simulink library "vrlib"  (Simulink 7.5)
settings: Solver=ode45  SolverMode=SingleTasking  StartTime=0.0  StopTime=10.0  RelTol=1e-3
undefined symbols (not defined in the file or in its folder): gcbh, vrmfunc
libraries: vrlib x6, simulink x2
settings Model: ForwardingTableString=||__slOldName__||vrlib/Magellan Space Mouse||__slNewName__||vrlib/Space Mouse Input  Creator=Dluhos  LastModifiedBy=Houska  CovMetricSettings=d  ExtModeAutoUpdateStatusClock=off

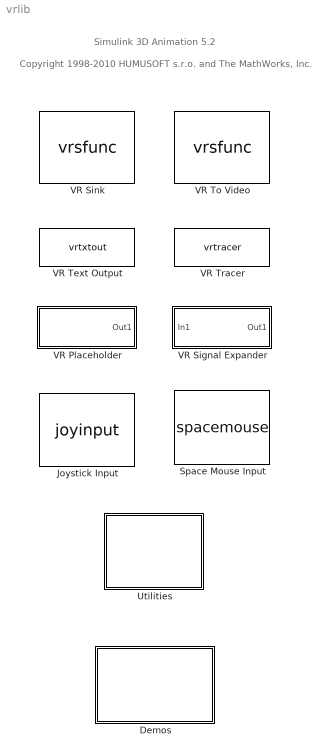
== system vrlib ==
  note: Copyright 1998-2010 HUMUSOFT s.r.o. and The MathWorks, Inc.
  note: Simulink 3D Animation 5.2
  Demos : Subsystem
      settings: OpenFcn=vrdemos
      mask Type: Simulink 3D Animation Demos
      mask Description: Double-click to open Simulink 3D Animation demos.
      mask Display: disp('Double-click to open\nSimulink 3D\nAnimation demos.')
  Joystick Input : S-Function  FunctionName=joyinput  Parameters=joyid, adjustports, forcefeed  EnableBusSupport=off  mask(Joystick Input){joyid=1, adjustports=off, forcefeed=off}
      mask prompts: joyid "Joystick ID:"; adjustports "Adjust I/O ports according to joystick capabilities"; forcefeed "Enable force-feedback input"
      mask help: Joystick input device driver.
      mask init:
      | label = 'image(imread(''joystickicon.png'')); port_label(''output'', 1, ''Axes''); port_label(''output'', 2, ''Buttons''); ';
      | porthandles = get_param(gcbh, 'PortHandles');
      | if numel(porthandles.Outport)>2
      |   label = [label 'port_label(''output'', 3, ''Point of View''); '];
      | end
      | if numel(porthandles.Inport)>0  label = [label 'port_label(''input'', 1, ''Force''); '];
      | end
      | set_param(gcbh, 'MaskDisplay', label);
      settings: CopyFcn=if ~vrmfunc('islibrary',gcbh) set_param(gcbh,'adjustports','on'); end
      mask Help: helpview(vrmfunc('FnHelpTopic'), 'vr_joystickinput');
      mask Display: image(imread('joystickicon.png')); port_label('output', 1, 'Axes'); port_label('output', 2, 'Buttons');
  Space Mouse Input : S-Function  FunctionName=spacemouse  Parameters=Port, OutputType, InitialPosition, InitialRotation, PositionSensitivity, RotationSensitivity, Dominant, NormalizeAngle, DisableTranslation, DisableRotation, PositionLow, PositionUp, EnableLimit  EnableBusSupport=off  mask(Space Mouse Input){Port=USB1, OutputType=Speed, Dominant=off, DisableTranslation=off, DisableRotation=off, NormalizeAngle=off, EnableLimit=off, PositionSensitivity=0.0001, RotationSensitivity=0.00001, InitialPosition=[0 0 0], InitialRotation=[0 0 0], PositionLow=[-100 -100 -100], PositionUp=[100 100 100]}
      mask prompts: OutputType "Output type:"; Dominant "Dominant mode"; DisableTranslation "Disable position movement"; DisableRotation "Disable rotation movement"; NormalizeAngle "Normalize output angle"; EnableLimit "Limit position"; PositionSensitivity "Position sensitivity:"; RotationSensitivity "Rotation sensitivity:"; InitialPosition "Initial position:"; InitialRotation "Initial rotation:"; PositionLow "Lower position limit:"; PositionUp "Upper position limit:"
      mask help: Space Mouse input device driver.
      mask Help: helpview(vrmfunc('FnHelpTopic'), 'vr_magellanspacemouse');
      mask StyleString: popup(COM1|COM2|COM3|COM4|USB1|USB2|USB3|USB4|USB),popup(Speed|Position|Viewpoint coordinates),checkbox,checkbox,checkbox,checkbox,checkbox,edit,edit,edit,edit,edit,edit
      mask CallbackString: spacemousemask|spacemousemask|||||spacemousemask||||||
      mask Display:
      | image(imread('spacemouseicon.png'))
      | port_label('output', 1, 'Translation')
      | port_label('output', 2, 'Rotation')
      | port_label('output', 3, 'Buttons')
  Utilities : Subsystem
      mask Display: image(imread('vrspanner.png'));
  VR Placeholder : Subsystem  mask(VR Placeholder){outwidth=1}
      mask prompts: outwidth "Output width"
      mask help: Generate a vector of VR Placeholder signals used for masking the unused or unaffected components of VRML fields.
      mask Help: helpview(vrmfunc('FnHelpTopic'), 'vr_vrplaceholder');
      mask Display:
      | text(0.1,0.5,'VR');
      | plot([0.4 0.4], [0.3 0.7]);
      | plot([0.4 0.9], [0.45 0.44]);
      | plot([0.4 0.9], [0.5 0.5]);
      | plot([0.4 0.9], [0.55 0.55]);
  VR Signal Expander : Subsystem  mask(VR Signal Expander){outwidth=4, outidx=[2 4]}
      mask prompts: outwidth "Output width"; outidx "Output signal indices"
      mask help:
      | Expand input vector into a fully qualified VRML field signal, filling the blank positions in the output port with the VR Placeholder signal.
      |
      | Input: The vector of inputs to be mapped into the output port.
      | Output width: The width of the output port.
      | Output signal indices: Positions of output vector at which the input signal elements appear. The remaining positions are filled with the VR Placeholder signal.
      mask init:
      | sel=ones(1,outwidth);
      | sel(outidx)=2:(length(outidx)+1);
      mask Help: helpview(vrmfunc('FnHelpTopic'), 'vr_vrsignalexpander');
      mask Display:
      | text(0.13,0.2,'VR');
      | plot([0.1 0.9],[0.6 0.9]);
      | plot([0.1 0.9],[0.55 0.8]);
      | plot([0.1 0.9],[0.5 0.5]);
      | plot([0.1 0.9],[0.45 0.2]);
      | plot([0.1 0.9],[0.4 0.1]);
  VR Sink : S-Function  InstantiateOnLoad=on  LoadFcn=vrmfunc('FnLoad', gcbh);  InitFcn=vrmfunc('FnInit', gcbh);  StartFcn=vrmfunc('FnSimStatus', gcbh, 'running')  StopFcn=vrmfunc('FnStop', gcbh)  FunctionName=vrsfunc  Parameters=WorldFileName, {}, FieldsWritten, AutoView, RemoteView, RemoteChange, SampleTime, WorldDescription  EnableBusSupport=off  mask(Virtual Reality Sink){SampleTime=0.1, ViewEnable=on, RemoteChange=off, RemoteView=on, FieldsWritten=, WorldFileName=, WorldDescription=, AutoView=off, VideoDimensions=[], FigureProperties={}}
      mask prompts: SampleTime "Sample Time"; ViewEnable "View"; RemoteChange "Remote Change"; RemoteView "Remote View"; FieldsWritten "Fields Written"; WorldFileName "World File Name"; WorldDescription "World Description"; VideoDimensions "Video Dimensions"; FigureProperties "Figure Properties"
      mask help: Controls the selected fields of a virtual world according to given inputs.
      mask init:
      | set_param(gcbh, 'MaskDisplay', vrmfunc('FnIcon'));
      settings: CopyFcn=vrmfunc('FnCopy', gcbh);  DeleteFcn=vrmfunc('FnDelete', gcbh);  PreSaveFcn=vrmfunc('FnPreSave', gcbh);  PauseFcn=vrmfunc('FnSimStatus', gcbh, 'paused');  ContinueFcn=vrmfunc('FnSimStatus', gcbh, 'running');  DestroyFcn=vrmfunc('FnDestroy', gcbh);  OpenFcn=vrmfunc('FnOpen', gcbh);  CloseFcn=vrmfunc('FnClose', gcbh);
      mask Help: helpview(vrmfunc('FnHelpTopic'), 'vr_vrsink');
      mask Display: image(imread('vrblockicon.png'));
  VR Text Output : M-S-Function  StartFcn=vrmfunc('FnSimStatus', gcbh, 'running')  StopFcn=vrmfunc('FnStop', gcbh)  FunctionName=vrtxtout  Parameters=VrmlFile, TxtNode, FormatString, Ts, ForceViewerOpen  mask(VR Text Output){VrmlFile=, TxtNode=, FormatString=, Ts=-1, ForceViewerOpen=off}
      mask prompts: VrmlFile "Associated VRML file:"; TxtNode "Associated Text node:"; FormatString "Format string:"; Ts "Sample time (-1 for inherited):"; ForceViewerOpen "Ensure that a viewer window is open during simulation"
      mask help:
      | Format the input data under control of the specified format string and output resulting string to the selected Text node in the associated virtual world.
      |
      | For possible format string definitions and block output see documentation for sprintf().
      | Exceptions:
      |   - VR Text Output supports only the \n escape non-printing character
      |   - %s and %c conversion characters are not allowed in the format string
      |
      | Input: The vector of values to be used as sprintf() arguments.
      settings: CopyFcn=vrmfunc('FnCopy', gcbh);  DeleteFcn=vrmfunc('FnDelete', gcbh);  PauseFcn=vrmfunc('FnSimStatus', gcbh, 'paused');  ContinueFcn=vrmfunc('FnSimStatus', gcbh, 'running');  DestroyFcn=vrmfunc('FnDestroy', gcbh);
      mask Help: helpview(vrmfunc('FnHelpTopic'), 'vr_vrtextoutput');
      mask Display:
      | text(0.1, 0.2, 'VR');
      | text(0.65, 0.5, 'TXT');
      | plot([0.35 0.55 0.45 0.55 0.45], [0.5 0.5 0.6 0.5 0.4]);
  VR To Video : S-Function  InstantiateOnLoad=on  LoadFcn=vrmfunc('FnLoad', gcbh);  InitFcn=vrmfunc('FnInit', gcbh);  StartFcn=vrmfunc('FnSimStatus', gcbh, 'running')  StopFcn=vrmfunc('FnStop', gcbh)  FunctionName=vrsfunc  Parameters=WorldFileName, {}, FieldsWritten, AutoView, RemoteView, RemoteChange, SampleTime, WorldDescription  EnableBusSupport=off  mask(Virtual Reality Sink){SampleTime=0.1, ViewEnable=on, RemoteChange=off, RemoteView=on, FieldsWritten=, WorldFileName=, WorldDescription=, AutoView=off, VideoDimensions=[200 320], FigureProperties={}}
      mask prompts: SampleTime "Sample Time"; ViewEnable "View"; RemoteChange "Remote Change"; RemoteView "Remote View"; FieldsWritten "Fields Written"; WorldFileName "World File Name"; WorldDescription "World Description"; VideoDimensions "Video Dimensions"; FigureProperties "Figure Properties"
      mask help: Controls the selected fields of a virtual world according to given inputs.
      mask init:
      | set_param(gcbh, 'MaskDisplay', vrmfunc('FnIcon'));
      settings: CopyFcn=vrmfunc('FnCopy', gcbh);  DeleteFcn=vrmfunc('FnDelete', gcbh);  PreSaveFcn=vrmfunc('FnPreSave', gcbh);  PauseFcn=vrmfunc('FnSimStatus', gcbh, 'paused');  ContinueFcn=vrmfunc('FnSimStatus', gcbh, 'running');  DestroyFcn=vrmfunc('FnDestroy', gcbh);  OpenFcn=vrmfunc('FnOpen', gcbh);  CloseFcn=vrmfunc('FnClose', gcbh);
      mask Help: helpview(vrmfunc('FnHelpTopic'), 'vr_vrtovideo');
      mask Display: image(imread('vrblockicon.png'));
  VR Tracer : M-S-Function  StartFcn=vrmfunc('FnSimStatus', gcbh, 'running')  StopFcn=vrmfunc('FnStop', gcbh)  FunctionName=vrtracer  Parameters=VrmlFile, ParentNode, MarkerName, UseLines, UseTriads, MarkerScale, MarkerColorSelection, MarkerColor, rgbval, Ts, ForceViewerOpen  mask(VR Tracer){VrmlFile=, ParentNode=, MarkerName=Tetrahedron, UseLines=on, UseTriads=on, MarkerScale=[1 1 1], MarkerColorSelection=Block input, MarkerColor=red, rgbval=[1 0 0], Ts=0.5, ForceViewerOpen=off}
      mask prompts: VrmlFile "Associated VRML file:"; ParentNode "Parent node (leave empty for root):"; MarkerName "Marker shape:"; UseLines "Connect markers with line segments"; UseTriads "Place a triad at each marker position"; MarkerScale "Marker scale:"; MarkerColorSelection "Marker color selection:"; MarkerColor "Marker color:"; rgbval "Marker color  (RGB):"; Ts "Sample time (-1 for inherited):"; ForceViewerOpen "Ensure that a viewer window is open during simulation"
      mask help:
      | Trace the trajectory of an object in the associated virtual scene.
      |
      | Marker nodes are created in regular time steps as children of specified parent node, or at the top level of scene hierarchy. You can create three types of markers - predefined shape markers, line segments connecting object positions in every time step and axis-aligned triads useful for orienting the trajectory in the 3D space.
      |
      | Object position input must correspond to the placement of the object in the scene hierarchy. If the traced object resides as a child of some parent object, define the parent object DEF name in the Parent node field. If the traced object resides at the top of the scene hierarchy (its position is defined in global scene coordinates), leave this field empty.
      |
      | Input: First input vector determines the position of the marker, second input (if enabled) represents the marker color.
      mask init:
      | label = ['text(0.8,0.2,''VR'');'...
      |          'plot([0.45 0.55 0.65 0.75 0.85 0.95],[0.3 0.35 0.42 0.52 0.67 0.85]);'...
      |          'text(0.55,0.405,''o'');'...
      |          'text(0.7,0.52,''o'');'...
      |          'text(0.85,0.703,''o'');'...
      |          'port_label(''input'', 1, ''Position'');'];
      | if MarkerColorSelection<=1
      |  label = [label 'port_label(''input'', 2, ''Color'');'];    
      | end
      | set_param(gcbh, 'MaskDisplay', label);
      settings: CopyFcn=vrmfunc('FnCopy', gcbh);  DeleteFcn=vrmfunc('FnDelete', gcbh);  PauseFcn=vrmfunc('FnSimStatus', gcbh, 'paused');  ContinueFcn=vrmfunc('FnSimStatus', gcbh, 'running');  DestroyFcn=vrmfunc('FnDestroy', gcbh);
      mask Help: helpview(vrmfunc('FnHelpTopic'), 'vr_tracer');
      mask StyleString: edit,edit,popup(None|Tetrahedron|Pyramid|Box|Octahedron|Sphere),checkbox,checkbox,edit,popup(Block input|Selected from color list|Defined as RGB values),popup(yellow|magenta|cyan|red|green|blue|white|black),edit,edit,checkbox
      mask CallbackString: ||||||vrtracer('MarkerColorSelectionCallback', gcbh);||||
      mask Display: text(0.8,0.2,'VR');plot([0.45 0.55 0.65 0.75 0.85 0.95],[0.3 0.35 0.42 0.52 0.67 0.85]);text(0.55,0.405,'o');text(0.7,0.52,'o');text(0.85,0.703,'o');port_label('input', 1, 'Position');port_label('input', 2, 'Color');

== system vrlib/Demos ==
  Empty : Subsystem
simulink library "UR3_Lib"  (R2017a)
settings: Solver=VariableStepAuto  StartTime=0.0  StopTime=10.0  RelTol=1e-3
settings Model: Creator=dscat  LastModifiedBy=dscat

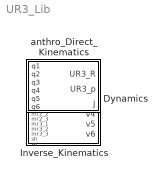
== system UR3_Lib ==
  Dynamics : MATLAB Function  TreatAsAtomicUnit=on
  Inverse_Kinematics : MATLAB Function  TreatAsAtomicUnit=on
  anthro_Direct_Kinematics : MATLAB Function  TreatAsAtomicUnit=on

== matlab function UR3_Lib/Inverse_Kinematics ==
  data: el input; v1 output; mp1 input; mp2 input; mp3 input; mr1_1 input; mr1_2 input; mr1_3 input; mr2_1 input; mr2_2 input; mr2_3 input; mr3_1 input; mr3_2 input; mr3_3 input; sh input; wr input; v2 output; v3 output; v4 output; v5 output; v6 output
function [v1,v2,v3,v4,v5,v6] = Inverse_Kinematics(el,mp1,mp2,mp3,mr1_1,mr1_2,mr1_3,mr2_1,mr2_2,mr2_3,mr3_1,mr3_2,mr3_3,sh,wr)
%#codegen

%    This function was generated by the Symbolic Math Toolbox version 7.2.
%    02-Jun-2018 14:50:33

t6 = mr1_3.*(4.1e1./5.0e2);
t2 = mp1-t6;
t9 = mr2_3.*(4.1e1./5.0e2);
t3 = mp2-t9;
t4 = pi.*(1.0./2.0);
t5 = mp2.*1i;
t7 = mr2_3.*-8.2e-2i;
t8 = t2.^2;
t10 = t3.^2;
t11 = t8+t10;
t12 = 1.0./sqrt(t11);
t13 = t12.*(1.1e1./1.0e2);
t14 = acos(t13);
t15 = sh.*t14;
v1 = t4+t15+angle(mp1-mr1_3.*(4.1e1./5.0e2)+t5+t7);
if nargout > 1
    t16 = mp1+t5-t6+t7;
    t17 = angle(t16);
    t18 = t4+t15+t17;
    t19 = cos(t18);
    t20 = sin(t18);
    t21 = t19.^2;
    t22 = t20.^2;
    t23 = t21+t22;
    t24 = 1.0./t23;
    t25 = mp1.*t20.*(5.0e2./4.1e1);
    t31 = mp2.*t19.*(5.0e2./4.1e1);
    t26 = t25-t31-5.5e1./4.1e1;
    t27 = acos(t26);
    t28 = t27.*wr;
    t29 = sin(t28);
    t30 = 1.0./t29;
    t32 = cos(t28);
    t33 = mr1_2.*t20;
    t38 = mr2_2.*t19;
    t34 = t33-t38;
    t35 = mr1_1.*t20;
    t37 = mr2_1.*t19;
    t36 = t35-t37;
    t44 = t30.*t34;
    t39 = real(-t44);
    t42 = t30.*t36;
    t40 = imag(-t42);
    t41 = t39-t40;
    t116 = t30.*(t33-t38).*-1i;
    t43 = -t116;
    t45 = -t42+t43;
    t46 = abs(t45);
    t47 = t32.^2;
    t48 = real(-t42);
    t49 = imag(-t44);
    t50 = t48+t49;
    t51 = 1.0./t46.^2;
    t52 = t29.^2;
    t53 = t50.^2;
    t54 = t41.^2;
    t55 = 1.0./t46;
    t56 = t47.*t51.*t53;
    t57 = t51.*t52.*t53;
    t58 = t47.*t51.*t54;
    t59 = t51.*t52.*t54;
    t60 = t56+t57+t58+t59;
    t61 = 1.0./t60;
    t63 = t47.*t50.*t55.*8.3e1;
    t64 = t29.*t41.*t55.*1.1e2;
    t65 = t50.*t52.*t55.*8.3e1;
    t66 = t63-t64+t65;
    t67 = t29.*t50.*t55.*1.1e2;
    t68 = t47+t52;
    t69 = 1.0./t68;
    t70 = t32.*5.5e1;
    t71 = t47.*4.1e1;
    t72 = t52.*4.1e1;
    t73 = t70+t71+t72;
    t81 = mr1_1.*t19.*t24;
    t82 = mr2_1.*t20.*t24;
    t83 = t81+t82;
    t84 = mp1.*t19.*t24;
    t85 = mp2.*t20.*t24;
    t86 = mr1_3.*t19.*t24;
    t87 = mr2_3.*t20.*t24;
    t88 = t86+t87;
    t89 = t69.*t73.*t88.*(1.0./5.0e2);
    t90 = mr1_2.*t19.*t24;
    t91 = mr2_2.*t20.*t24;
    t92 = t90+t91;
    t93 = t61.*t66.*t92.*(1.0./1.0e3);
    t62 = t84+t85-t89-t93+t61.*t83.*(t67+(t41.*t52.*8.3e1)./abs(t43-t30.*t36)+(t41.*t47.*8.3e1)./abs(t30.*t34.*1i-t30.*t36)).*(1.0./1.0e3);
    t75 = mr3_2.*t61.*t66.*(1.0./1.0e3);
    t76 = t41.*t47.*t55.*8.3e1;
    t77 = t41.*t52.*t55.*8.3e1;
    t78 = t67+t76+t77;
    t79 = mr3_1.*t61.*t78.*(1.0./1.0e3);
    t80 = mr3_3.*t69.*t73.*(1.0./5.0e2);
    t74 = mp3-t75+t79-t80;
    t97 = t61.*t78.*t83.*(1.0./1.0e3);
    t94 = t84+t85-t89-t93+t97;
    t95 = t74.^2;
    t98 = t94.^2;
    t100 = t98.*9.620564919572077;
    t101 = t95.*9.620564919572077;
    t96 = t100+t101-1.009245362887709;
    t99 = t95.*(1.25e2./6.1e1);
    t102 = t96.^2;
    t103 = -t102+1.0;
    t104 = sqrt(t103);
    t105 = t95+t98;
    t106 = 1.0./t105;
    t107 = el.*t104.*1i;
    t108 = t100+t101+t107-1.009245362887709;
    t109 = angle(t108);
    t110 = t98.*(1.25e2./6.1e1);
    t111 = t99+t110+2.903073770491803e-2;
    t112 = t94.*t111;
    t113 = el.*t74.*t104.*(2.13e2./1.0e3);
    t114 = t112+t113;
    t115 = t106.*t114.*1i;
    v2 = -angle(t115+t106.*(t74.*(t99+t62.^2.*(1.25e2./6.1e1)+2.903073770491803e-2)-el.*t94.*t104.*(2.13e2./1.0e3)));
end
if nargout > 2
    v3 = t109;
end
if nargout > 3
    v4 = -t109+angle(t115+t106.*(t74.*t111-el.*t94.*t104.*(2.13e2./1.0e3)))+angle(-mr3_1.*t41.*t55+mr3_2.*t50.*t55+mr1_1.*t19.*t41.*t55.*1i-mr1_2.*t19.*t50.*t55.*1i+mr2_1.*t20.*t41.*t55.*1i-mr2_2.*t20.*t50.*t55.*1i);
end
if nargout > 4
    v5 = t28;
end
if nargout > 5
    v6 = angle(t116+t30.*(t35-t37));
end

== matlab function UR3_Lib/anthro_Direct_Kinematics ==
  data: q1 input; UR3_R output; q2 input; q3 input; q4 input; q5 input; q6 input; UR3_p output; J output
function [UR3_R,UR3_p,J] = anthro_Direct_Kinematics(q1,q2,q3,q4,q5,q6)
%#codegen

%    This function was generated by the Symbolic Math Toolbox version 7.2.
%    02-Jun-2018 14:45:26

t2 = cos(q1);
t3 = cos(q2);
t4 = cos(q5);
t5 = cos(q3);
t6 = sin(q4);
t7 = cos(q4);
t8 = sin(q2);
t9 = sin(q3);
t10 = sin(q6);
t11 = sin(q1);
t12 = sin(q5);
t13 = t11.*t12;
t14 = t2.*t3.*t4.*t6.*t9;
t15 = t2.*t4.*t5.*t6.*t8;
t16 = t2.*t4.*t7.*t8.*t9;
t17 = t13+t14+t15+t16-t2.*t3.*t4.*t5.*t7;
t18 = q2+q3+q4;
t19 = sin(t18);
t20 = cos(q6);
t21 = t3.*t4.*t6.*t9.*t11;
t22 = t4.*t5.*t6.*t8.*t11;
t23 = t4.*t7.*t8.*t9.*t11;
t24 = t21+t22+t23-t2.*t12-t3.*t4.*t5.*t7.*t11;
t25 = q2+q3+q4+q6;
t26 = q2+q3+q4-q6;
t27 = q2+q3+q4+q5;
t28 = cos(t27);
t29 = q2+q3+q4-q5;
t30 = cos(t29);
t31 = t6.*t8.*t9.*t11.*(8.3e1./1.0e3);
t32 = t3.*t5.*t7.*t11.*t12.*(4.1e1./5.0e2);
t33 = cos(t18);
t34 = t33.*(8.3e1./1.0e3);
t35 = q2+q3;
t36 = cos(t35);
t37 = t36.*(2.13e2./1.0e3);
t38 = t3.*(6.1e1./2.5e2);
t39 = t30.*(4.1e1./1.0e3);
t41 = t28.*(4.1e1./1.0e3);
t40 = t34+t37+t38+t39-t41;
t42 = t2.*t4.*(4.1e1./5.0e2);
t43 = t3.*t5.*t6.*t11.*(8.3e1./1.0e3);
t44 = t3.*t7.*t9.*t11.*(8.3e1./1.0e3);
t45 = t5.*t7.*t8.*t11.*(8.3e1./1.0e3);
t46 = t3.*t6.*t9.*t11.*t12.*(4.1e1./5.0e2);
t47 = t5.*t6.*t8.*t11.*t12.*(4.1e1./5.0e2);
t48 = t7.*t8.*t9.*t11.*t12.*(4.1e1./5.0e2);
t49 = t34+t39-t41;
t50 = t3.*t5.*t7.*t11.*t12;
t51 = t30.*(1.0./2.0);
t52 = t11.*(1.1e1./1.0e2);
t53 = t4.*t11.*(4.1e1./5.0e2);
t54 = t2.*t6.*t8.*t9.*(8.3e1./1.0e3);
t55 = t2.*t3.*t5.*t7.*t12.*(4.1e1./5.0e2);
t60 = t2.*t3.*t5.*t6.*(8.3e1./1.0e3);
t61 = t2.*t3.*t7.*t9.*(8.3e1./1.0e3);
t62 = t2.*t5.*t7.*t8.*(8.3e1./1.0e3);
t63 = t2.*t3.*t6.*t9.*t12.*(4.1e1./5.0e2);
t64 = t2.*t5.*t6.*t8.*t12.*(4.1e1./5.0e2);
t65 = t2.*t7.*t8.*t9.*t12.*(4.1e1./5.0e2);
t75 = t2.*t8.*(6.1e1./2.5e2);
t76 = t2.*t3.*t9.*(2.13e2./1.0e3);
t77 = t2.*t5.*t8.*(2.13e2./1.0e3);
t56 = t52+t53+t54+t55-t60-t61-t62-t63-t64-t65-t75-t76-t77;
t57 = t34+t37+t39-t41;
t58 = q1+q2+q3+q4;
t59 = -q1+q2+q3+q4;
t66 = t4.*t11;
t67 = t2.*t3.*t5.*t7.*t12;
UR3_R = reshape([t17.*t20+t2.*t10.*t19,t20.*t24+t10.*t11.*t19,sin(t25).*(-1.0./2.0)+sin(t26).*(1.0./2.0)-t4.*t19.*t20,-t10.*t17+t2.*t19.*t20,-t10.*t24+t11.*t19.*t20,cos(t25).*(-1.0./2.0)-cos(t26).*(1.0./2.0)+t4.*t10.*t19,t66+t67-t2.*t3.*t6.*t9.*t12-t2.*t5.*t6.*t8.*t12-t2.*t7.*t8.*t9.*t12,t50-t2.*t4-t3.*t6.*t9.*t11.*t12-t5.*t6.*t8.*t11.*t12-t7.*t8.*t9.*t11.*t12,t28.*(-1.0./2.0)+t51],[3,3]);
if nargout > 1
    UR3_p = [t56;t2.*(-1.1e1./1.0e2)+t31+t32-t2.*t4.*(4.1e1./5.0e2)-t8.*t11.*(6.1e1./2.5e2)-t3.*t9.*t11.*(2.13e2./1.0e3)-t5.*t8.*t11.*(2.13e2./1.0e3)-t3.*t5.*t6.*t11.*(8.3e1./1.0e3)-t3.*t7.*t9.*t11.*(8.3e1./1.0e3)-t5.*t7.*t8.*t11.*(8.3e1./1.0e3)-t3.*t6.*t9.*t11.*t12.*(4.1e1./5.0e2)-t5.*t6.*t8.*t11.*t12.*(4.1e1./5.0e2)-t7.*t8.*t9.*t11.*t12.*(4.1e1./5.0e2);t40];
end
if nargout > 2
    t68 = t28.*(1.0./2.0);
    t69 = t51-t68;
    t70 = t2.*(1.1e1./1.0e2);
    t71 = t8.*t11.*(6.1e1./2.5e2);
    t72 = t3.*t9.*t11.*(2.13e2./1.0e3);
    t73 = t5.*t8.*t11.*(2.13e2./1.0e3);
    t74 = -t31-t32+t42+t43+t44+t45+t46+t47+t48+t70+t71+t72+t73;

════

## What to work on:
All that belongs in your answer is the stretch of entries above from the line with "t40 = imag(-t42);" through the line with "t115 = t106.*t114.*1i;", printed exactly.

## Result of the task:
    t40 = imag(-t42);
    t41 = t39-t40;
    t116 = t30.*(t33-t38).*-1i;
    t43 = -t116;
    t45 = -t42+t43;
    t46 = abs(t45);
    t47 = t32.^2;
    t48 = real(-t42);
    t49 = imag(-t44);
    t50 = t48+t49;
    t51 = 1.0./t46.^2;
    t52 = t29.^2;
    t53 = t50.^2;
    t54 = t41.^2;
    t55 = 1.0./t46;
    t56 = t47.*t51.*t53;
    t57 = t51.*t52.*t53;
    t58 = t47.*t51.*t54;
    t59 = t51.*t52.*t54;
    t60 = t56+t57+t58+t59;
    t61 = 1.0./t60;
    t63 = t47.*t50.*t55.*8.3e1;
    t64 = t29.*t41.*t55.*1.1e2;
    t65 = t50.*t52.*t55.*8.3e1;
    t66 = t63-t64+t65;
    t67 = t29.*t50.*t55.*1.1e2;
    t68 = t47+t52;
    t69 = 1.0./t68;
    t70 = t32.*5.5e1;
    t71 = t47.*4.1e1;
    t72 = t52.*4.1e1;
    t73 = t70+t71+t72;
    t81 = mr1_1.*t19.*t24;
    t82 = mr2_1.*t20.*t24;
    t83 = t81+t82;
    t84 = mp1.*t19.*t24;
    t85 = mp2.*t20.*t24;
    t86 = mr1_3.*t19.*t24;
    t87 = mr2_3.*t20.*t24;
    t88 = t86+t87;
    t89 = t69.*t73.*t88.*(1.0./5.0e2);
    t90 = mr1_2.*t19.*t24;
    t91 = mr2_2.*t20.*t24;
    t92 = t90+t91;
    t93 = t61.*t66.*t92.*(1.0./1.0e3);
    t62 = t84+t85-t89-t93+t61.*t83.*(t67+(t41.*t52.*8.3e1)./abs(t43-t30.*t36)+(t41.*t47.*8.3e1)./abs(t30.*t34.*1i-t30.*t36)).*(1.0./1.0e3);
    t75 = mr3_2.*t61.*t66.*(1.0./1.0e3);
    t76 = t41.*t47.*t55.*8.3e1;
    t77 = t41.*t52.*t55.*8.3e1;
    t78 = t67+t76+t77;
    t79 = mr3_1.*t61.*t78.*(1.0./1.0e3);
    t80 = mr3_3.*t69.*t73.*(1.0./5.0e2);
    t74 = mp3-t75+t79-t80;
    t97 = t61.*t78.*t83.*(1.0./1.0e3);
    t94 = t84+t85-t89-t93+t97;
    t95 = t74.^2;
    t98 = t94.^2;
    t100 = t98.*9.620564919572077;
    t101 = t95.*9.620564919572077;
    t96 = t100+t101-1.009245362887709;
    t99 = t95.*(1.25e2./6.1e1);
    t102 = t96.^2;
    t103 = -t102+1.0;
    t104 = sqrt(t103);
    t105 = t95+t98;
    t106 = 1.0./t105;
    t107 = el.*t104.*1i;
    t108 = t100+t101+t107-1.009245362887709;
    t109 = angle(t108);
    t110 = t98.*(1.25e2./6.1e1);
    t111 = t99+t110+2.903073770491803e-2;
    t112 = t94.*t111;
    t113 = el.*t74.*t104.*(2.13e2./1.0e3);
    t114 = t112+t113;
    t115 = t106.*t114.*1i;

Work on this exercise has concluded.